Video data finally has a clear access point
Robot data lacks large-scale videos other than action labels, and it has been difficult to directly feed the control model. PAD uses attention mask to solve the problem of missing modalities, allowing pure videos to have training value for strategies.
6.2 Why the results hold up
The persuasiveness of this paper mainly comes from three sets of interlocking evidence:
| evidence | observe | supporting arguments |
|---|---|---|
| PAD vs baseline | MetaWorld and real tasks are both ahead | The joint denoising structure itself is effective |
| PAD w/o img | MetaWorld average dropped from 72.5% to 43.6% | Future image predictions are not decoration, but a key source of supervision |
| PAD w/o co-train | MetaWorld dropped to an average of 59.2% | Internet video co-training does provide additional help |
6.3 Limitations and doubtful points
Reasoning overhead is not low
Each control requires 75 steps of DDIM, while also generating future images and actions. The author himself also admitted in the conclusion that the control frequency is not high, which will be a hard constraint for high-speed closed-loop control.

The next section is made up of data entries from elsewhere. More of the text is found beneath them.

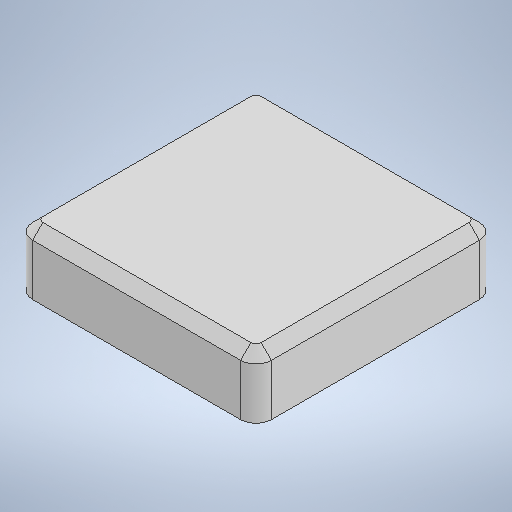
# Autodesk Inventor part: IMU_mount_cover
Saved by Autodesk Inventor 2025.2 (Build 292293000, 293)
## iProperties
Created: 2024-11-14
Part Number: IMU_mount_cover
Material: Generic
Document SubType Name: Modeling
Designer: matss
Density: 1 g/cm^3
Appearance: Default
Author: matss
Autodesk Inventor part; units mm, degrees
ref_plane "YZ Plane" through (0, 0, 0) normal (1, 0, 0) x (0, 1, 0)
ref_plane "XZ Plane" through (0, 0, 0) normal (0, 1, 0) x (-1, 0, 0)
ref_plane "XY Plane" through (0, 0, 0) normal (0, 0, 1) x (1, 0, 0)
sketch "Sketch1" plane through (0, 0, 0) normal (0, 1, 0) x (-1, 0, 0)
  line L0 (20.25, -20.25) -> (-20.25, -20.25)
  line L1 (-20.25, -20.25) -> (-20.25, 20.25)
  line L2 (-20.25, 20.25) -> (20.25, 20.25)
  line L3 (20.25, 20.25) -> (20.25, -20.25)
  line L4 (23.25, 23.25) -> (-23.25, 23.25)
  line L5 (-23.25, 23.25) -> (-23.25, -23.25)
  line L6 (-23.25, -23.25) -> (23.25, -23.25)
  line L7 (23.25, -23.25) -> (23.25, 23.25)
  point P0 (0, 0)
  point P1 (20.25, 0)
  point P2 (0, -20.25)
  point P3 (23.25, 0)
  point P4 (0, -23.25)
  dimension "d0" = 40.5
  dimension "d1" = 40.5
  dimension "d2" = 46.5
  dimension "d3" = 46.5
  constraints: 16 end point, 4 midpoint, 4 parallel, 2 horizontal, 2 horizontal alignment, 2 perpendicular, 2 vertical alignment
  measures "d0" distance of L0.start L0.end
  measures "d1" distance of L2.end L0.start
  measures "d2" distance of L6.end L4.start
  measures "d3" distance of L5.end L6.end
extrude "Extrusion1" add sketch "Sketch1" along normal blind 10
fillet "Fillet1" radius 3 8 edges at (-23.25, 5, 23.25) (23.25, 5, 23.25) (23.25, 5, -23.25) (-23.25, 5, -23.25) (-20.25, 5, -20.25) (-20.25, 5, 20.25) (20.25, 5, 20.25) (20.25, 5, -20.25)
ref_plane "Arbeitsebene3" through (-17.25, 0, -20.25) normal (1, 0, 0) x (0, 1, 0)
sketch "Skizze10" plane through (0, 10, 0) normal (0, 1, 0) x (1, 0, 0)
  line L0 (20.25, 23.25) -> (-20.25, 23.25) projected
  arc A0 (-20.25, 23.25) -> (-23.25, 20.25) centre (-20.25, 20.25) ccw projected
  line L1 (-23.25, 20.25) -> (-23.25, -20.25) projected
  arc A1 (-23.25, -20.25) -> (-20.25, -23.25) centre (-20.25, -20.25) ccw projected
  line L2 (-20.25, -23.25) -> (20.25, -23.25) projected
  arc A2 (20.25, -23.25) -> (23.25, -20.25) centre (20.25, -20.25) ccw projected
  line L3 (23.25, -20.25) -> (23.25, 20.25) projected
  arc A3 (23.25, 20.25) -> (20.25, 23.25) centre (20.25, 20.25) ccw projected
  line L4 (-20.25, 23.25) -> (20.25, 23.25)
  line L5 (23.25, 20.25) -> (23.25, -20.25)
  line L6 (20.25, -23.25) -> (-20.25, -23.25)
  line L7 (-23.25, -20.25) -> (-23.25, 20.25)
  arc A4 (-20.25, 23.25) -> (-23.25, 20.25) centre (-20.25, 20.25) ccw
  arc A5 (23.25, 20.25) -> (20.25, 23.25) centre (20.25, 20.25) ccw
  arc A6 (20.25, -23.25) -> (23.25, -20.25) centre (20.25, -20.25) ccw
  arc A7 (-23.25, -20.25) -> (-20.25, -23.25) centre (-20.25, -20.25) ccw
  line L8 (-20.25, -23.25) -> (20.25, -23.25)
  point P0 (0, 0)
  constraints: 11 point on circle, 10 end point, 4 centre point, 4 coincident, 2 collinear, 1 horizontal, 1 point on line
extrude "Extrusion6" add sketch "Skizze10" along normal blind 2
sketch "Skizze9" plane through (-17.25, 0, -20.25) normal (1, 0, 0) x (0, 1, 0)
  line L0 (10, 0) -> (0, 0) construction
  line L1 (6.2, 0) -> (6.2, 0.8787) construction
  arc A0 (3.3, 0) -> (1.3, 0) centre (2.3, 0) ccw
  line L2 (3.3, 0) -> (1.3, 0)
  line L3 (10, 3) -> (10, 37.5) projected
  line L4 (6.2, 20.25) -> (0, 20.25)
  line L5 (6.2, 40.5) -> (0, 40.5) construction
  arc A1 (1.3, 40.5) -> (3.3, 40.5) centre (2.3, 40.5) ccw
  line L6 (3.3, 40.5) -> (1.3, 40.5)
  point P0 (4.6, 0)
  point P1 (6.2, 3)
  point P2 (6.2, 15.294)
  dimension "d51" = 1.6
  dimension "d52" = 2.3
  dimension "d53" = 1
  constraints: 8 end point, 6 point on line, 4 point on circle, 4 symmetric about line, 2 centre point, 1 coincident, 1 collinear, 1 horizontal, 4 other
  measures "d51" distance from line of L1 point (4.6, 0)
  measures "d52" distance of point (4.6, 0) point (2.3, 0)
  measures "d53" distance of point (2.3, 0) L2.end
extrude "Extrusion5" add sketch "Skizze9" along normal blind 37.5 and the other way blind 3
chamfer "Fasen1" distance 2 angle 45 8 edges at (-23.25, 12, 0) (-22.3713, 12, 22.3713) (0, 12, 23.25) (22.3713, 12, 22.3713) (23.25, 12, 0) (22.3713, 12, -22.3713) (0, 12, -23.25) (-22.3713, 12, -22.3713)
body "Solid1"

The causal chain is not completely closed yet
The paper attributes the gains to "better future image predictions leading to better actions." This explanation is reasonable, but the current evidence is still mainly correlation. If further intermediate representation or teacher forcing experiments can be conducted, the causal relationship will be more solid.
The mission caliber is slightly inconsistent
Write 41 tasks in the abstract and 50 tasks in the main body. The appendix also explains that there are two handle-pull tasks without giving details. This does not affect the main trend, but it will affect the reader's first impression of "how many tasks are counted."
Real world scale is still limited
The real experiment is a single Panda platform, multi-class desktop operation. Although the effect is good, it is still far from a generalized robot in open scenarios, especially without testing complex contact and high-frequency dynamics tasks.
6.4 Information worth retaining in appendices
Appendix The appendix does not have additional theoretical derivation, but provides several details that are critical to judgments about reproducible experiments: image latent shape, number of depth tokens, various model sizes, complete MetaWorld baseline details, and sample images of expert / unseen tasks in real tasks. This information has been absorbed into the "Methodological Details" and "Experimental Analysis" above.
My overall judgment
The key contribution of PAD is not "making a larger diffusion policy", but binding future visual prediction and action generation into the same training goal, and providing a very natural interface for video co-training. To the question "How to inject Internet video prior into robot control", the structural answer given in this paper is clear and convincing. Its main shortcomings are inference cost and real-world verification scale.